Among the lines of the material below, count those with the string "data". Give the number alone.

*** Task inputs Section Begins ***

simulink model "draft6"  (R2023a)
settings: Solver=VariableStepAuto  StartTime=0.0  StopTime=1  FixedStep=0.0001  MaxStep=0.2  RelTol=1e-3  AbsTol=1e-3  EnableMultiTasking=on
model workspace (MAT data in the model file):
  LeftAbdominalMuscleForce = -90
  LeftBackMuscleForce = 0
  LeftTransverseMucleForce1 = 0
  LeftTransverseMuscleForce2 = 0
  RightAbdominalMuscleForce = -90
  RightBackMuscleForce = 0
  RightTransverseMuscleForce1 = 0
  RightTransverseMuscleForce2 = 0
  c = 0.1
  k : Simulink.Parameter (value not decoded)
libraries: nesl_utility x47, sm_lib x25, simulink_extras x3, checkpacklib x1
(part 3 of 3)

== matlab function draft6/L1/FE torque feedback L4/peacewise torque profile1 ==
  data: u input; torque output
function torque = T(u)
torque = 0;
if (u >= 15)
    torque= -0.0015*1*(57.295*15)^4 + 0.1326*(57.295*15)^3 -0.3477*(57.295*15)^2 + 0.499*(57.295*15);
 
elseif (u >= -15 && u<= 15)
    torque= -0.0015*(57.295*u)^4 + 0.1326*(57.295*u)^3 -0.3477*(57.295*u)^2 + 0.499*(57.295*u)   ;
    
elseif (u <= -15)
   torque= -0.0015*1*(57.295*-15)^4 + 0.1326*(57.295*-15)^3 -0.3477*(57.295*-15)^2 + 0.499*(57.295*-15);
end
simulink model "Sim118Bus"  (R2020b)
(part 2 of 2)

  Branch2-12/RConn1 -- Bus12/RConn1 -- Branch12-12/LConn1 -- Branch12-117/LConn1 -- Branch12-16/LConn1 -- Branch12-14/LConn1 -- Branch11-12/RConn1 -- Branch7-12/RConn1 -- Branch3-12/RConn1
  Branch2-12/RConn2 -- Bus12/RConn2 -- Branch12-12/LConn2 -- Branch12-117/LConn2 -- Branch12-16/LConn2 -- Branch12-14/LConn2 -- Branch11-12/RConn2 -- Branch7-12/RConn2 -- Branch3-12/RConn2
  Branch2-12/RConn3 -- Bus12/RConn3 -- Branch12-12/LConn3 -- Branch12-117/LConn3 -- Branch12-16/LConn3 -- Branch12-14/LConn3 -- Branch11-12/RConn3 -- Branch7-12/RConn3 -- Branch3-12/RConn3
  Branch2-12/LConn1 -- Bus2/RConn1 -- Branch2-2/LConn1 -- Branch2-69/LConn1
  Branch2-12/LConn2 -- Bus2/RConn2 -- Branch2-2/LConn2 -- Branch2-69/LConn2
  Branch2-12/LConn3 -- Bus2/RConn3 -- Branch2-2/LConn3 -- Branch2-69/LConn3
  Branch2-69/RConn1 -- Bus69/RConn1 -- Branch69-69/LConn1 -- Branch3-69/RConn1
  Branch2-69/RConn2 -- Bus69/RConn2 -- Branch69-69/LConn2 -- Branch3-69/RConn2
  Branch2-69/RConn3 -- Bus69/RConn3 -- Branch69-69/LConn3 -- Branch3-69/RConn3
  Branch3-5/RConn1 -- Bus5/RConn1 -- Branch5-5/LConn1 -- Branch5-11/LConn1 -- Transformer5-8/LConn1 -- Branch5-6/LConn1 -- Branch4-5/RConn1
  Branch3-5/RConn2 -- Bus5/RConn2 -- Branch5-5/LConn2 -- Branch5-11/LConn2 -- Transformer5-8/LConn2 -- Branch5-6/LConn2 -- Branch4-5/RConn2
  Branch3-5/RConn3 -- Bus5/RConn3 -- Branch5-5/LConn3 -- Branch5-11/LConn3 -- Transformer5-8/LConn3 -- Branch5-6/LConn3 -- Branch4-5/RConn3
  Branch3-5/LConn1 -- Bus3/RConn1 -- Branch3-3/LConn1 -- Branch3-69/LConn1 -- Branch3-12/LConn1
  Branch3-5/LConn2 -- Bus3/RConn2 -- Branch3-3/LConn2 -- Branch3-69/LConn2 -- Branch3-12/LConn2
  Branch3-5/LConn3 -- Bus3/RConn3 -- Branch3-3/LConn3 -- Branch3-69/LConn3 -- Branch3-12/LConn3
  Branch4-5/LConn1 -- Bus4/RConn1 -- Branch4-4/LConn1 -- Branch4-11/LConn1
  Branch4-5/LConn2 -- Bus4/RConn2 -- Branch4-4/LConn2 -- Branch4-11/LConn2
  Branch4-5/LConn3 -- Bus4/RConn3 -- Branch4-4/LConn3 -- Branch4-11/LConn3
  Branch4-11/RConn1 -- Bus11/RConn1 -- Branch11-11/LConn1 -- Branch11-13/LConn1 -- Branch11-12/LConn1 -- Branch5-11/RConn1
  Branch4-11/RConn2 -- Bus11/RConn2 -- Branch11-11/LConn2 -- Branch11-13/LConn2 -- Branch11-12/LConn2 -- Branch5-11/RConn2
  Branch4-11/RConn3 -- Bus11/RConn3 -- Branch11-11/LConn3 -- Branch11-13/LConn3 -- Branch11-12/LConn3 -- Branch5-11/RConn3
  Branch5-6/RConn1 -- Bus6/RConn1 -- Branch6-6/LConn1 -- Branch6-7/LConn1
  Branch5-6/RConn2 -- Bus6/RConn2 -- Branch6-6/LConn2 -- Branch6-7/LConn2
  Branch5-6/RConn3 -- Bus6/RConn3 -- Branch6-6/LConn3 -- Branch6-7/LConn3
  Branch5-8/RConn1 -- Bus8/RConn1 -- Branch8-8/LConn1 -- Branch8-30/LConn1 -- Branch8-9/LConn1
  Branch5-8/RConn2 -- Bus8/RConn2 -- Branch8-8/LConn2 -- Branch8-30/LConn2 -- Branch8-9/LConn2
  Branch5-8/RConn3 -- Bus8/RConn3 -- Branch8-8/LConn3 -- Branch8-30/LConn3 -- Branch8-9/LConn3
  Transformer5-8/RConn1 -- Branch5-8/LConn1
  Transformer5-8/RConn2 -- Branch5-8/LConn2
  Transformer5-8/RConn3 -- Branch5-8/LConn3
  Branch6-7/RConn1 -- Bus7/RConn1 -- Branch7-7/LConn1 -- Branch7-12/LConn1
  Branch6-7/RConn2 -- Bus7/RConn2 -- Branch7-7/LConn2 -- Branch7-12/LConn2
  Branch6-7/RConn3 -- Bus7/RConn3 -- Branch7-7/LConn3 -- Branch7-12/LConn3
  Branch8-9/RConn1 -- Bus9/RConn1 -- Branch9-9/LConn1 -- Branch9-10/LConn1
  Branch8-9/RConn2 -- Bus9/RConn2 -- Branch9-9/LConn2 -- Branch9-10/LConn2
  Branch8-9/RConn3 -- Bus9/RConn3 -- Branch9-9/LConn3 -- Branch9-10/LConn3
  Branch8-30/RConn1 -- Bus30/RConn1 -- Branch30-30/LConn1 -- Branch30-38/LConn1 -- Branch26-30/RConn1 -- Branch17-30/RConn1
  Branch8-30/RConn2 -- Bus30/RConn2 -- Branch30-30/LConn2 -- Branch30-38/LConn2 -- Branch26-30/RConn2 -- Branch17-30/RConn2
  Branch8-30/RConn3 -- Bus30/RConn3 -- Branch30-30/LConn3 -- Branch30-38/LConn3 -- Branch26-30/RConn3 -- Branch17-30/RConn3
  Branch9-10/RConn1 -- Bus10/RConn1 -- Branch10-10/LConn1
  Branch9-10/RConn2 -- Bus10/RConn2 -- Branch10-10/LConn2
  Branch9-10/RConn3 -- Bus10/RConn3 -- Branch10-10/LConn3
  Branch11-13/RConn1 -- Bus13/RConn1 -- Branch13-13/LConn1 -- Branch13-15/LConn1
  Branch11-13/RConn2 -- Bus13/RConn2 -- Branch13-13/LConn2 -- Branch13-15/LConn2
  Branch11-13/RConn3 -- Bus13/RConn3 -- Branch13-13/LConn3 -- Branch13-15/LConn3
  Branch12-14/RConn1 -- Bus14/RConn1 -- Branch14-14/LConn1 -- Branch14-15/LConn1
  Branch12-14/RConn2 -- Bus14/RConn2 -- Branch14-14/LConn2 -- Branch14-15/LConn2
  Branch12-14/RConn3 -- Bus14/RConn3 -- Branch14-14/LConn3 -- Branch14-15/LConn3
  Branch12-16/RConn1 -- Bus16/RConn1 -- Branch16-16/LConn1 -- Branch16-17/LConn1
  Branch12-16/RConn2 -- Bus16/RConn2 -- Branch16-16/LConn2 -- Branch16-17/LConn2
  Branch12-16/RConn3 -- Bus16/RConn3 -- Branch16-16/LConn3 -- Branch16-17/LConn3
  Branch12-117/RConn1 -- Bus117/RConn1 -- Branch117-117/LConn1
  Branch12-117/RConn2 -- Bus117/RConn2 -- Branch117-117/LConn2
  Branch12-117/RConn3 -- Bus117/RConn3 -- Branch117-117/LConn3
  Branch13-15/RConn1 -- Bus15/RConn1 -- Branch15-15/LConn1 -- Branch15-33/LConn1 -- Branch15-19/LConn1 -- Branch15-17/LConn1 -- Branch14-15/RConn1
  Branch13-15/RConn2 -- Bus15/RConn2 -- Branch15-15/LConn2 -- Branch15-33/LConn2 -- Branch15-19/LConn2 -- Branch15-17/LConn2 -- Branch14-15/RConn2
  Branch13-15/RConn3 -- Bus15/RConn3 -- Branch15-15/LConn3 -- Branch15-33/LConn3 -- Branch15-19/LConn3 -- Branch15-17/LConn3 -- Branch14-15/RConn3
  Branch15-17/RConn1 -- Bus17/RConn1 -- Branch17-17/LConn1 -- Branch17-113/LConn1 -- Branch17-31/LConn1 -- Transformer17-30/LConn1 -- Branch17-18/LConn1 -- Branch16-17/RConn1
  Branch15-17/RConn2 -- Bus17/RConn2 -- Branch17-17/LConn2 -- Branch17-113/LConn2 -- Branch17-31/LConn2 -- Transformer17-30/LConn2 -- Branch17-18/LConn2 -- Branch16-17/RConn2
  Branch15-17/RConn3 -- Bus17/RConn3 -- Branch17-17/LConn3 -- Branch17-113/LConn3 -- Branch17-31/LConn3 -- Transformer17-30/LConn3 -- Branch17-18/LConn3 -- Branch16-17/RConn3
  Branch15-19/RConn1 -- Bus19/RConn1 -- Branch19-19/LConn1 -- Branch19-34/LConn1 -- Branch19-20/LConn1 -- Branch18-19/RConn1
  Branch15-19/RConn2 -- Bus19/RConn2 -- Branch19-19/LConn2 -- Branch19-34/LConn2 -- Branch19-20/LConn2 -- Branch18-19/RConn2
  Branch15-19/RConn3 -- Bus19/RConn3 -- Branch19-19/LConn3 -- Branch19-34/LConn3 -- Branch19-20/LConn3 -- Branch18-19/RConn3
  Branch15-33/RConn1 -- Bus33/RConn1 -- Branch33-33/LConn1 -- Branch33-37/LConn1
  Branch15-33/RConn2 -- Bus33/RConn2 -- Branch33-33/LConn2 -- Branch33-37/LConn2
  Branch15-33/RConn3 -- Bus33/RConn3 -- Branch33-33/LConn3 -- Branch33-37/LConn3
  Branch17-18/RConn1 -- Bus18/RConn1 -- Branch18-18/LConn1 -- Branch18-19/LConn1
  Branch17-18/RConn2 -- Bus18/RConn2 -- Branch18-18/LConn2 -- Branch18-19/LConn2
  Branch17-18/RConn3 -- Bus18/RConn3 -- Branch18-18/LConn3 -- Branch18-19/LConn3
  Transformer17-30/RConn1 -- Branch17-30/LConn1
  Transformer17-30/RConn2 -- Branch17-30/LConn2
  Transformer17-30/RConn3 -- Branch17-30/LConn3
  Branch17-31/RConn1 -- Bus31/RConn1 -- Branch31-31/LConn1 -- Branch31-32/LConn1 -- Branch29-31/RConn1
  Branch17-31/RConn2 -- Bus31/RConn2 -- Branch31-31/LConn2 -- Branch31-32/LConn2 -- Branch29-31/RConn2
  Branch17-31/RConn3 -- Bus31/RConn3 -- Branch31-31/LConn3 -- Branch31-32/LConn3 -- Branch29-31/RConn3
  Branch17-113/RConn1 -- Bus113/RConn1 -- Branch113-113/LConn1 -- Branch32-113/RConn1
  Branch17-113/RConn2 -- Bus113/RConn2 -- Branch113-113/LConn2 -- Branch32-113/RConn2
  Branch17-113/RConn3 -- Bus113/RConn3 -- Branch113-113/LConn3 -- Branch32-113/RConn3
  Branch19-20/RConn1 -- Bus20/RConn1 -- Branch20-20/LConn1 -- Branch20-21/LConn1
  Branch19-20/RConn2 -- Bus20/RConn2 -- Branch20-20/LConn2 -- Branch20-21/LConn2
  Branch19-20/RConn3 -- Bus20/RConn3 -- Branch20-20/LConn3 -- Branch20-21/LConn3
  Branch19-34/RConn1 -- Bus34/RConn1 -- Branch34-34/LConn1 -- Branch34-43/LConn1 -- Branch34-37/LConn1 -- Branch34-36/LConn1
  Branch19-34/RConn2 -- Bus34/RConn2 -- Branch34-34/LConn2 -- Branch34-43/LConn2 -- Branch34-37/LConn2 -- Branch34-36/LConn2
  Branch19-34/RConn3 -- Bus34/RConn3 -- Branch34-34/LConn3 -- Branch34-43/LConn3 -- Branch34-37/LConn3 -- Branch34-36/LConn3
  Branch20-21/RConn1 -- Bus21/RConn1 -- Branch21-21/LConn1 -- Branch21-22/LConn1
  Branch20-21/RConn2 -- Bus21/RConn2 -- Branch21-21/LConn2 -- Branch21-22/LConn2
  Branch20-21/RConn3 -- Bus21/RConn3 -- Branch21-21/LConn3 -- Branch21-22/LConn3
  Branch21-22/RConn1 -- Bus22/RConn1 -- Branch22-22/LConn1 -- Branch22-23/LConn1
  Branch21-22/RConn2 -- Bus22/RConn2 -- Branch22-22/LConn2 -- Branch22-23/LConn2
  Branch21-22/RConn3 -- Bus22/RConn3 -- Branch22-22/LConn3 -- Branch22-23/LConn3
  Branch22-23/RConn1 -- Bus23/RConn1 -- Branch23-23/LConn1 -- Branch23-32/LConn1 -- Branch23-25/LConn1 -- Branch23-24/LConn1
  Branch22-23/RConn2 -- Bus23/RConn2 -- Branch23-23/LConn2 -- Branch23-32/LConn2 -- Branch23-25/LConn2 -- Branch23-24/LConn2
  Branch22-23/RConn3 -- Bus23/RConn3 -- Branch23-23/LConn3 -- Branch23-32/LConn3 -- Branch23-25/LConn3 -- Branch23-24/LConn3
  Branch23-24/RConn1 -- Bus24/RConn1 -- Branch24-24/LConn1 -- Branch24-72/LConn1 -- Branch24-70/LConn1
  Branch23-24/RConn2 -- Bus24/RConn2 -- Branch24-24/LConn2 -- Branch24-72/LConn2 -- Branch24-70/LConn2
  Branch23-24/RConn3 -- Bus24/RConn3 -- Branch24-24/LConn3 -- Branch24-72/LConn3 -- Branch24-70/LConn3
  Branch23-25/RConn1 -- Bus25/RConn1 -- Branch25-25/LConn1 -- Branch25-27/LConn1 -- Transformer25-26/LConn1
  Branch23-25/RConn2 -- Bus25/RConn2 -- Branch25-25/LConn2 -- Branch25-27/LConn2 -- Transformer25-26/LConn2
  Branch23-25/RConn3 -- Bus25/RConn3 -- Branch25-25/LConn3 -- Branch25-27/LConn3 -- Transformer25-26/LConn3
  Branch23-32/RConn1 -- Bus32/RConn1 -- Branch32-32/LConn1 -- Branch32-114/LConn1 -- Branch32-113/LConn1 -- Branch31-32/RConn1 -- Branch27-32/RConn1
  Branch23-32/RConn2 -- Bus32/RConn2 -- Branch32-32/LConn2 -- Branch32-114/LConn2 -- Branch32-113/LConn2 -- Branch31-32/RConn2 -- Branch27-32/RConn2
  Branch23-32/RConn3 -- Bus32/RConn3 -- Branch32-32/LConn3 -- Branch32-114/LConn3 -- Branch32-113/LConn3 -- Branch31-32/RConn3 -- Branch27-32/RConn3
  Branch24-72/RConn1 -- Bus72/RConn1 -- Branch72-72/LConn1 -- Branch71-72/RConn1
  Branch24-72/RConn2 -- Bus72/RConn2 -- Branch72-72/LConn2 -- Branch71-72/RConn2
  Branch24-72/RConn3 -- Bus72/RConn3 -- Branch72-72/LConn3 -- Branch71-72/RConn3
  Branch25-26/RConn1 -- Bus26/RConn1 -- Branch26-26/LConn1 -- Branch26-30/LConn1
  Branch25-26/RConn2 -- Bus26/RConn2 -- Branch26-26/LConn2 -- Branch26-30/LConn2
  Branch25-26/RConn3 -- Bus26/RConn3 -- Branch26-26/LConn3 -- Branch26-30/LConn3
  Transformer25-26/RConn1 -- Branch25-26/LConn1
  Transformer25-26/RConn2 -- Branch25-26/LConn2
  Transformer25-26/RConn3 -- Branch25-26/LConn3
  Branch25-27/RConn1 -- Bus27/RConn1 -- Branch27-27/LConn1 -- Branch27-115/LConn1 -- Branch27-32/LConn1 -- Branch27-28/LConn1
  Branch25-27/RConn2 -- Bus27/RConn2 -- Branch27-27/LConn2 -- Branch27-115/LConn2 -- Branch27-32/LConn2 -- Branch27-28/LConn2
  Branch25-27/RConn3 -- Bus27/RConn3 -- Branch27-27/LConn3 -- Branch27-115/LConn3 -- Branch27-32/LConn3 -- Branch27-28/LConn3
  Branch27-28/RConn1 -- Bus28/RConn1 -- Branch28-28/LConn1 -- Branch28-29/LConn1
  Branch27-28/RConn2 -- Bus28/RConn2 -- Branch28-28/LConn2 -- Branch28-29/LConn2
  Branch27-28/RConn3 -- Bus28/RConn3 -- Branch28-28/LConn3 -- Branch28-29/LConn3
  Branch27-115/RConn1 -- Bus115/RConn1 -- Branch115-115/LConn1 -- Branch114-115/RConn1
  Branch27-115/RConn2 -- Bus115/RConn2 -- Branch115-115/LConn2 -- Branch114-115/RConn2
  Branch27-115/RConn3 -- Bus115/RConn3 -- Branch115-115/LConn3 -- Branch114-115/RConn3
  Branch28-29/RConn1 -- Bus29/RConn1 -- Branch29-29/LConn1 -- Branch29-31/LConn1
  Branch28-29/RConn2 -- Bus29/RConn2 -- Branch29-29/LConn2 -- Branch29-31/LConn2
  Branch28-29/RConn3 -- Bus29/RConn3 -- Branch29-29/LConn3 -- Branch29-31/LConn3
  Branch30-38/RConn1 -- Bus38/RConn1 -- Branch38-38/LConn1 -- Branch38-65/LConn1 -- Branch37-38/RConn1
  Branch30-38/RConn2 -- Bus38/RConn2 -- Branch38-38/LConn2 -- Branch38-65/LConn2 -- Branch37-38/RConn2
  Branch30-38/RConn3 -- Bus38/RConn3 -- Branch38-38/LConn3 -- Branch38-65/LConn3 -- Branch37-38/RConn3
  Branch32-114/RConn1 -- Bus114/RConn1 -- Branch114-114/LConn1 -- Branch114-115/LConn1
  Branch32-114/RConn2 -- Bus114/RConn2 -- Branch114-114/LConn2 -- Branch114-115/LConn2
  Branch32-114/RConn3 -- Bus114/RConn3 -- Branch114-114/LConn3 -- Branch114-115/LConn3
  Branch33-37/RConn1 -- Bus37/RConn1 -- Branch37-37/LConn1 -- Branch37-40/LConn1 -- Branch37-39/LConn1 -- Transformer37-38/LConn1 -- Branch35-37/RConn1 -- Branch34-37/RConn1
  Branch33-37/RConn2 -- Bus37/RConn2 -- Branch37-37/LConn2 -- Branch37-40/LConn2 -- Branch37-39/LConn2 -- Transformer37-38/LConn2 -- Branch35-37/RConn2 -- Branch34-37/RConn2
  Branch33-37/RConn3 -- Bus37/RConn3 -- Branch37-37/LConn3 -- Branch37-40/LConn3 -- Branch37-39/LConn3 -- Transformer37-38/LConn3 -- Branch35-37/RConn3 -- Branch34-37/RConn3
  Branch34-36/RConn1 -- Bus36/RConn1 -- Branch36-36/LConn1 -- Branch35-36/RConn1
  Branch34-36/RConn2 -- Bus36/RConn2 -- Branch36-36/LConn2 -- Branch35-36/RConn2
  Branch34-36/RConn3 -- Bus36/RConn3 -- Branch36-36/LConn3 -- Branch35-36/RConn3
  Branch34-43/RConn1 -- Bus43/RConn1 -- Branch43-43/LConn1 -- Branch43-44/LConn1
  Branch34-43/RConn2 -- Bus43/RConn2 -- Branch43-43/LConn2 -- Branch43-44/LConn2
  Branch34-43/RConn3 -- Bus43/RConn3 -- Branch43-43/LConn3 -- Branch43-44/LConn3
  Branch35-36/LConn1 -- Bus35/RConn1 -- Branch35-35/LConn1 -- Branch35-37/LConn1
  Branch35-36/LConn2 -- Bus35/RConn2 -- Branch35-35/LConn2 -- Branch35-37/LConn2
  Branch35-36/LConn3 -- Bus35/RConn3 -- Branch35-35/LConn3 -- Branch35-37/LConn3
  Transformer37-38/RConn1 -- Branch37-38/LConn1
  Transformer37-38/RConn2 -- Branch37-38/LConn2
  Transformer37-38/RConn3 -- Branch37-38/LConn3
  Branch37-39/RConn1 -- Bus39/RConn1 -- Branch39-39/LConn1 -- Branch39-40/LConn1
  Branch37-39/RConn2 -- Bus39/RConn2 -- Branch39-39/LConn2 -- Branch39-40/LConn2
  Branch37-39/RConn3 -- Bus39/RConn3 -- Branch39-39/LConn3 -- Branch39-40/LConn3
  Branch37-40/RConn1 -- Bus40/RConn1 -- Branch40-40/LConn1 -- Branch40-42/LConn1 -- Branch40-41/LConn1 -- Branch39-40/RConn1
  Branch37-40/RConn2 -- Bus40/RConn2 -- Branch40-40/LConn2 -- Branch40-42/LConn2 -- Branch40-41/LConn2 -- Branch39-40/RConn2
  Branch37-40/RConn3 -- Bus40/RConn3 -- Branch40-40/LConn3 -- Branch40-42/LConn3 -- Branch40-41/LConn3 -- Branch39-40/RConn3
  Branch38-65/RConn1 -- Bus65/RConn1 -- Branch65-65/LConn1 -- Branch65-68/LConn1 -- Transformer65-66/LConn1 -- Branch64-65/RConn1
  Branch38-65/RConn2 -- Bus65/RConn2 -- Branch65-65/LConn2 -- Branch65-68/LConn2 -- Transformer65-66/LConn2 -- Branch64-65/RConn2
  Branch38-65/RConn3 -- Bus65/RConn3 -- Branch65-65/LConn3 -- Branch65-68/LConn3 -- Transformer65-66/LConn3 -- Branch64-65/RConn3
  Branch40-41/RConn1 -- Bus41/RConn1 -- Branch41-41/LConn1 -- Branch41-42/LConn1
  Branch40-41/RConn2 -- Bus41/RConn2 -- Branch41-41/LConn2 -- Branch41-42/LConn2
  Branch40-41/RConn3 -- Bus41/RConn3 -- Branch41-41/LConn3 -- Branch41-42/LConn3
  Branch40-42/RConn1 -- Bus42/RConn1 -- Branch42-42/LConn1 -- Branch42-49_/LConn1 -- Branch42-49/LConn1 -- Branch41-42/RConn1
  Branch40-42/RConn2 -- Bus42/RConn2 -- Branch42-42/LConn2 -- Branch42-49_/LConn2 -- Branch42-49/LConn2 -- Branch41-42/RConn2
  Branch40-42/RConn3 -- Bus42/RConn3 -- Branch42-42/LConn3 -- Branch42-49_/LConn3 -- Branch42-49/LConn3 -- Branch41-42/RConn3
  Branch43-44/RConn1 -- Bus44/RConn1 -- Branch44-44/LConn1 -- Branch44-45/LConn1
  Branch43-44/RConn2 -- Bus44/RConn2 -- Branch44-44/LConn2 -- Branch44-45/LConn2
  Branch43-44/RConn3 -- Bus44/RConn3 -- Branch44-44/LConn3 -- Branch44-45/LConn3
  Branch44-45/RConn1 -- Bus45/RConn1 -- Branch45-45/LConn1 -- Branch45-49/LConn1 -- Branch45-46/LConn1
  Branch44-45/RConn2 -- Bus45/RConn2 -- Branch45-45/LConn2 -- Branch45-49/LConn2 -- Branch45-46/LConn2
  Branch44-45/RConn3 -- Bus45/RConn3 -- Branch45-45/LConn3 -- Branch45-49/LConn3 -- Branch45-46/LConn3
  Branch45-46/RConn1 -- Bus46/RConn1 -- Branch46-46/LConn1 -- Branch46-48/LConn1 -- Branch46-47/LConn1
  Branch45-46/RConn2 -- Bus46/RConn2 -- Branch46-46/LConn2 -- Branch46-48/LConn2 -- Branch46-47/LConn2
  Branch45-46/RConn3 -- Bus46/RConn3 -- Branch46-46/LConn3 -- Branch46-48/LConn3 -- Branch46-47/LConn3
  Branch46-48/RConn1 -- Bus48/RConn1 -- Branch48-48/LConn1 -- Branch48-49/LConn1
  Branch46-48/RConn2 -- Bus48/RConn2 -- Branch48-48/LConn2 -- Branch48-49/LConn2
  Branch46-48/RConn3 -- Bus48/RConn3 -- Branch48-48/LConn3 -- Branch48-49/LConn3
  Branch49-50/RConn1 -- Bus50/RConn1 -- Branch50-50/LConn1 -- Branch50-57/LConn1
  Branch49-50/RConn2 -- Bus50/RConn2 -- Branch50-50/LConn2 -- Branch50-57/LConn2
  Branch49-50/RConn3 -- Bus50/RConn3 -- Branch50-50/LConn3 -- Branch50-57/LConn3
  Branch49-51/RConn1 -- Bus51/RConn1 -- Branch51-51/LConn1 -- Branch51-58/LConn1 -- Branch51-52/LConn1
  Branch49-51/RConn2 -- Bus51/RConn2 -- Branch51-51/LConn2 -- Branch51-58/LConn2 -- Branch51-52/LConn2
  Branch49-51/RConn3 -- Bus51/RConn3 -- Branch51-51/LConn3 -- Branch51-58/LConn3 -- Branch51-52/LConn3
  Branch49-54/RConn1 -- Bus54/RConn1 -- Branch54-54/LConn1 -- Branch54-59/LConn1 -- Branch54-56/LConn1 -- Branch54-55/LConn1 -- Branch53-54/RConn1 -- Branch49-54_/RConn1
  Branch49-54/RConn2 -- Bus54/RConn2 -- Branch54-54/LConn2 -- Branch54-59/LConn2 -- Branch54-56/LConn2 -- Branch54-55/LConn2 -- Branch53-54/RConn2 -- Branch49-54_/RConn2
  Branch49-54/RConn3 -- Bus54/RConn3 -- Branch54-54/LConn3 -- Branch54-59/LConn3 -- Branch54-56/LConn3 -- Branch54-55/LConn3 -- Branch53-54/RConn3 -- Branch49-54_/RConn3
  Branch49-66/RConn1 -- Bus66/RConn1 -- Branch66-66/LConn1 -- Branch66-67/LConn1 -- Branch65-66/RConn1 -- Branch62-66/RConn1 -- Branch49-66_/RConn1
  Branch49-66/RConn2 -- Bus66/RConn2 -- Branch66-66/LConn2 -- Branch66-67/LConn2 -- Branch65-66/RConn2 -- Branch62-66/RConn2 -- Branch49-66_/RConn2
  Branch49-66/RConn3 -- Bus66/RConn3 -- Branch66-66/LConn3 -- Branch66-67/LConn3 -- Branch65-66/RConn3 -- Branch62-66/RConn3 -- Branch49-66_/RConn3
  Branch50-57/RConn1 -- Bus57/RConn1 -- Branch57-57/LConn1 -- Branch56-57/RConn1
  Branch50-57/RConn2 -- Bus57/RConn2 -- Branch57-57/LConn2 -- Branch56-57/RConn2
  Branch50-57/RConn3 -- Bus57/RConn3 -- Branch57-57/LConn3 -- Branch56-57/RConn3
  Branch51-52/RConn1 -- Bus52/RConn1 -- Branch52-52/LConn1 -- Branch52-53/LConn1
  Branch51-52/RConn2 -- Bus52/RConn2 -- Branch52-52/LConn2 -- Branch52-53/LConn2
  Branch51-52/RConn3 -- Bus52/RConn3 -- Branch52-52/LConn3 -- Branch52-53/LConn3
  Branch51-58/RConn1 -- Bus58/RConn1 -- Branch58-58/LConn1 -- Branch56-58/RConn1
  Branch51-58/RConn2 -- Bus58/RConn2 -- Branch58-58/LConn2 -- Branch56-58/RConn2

*** Task inputs Section Ends ***

### [Result of the task]
2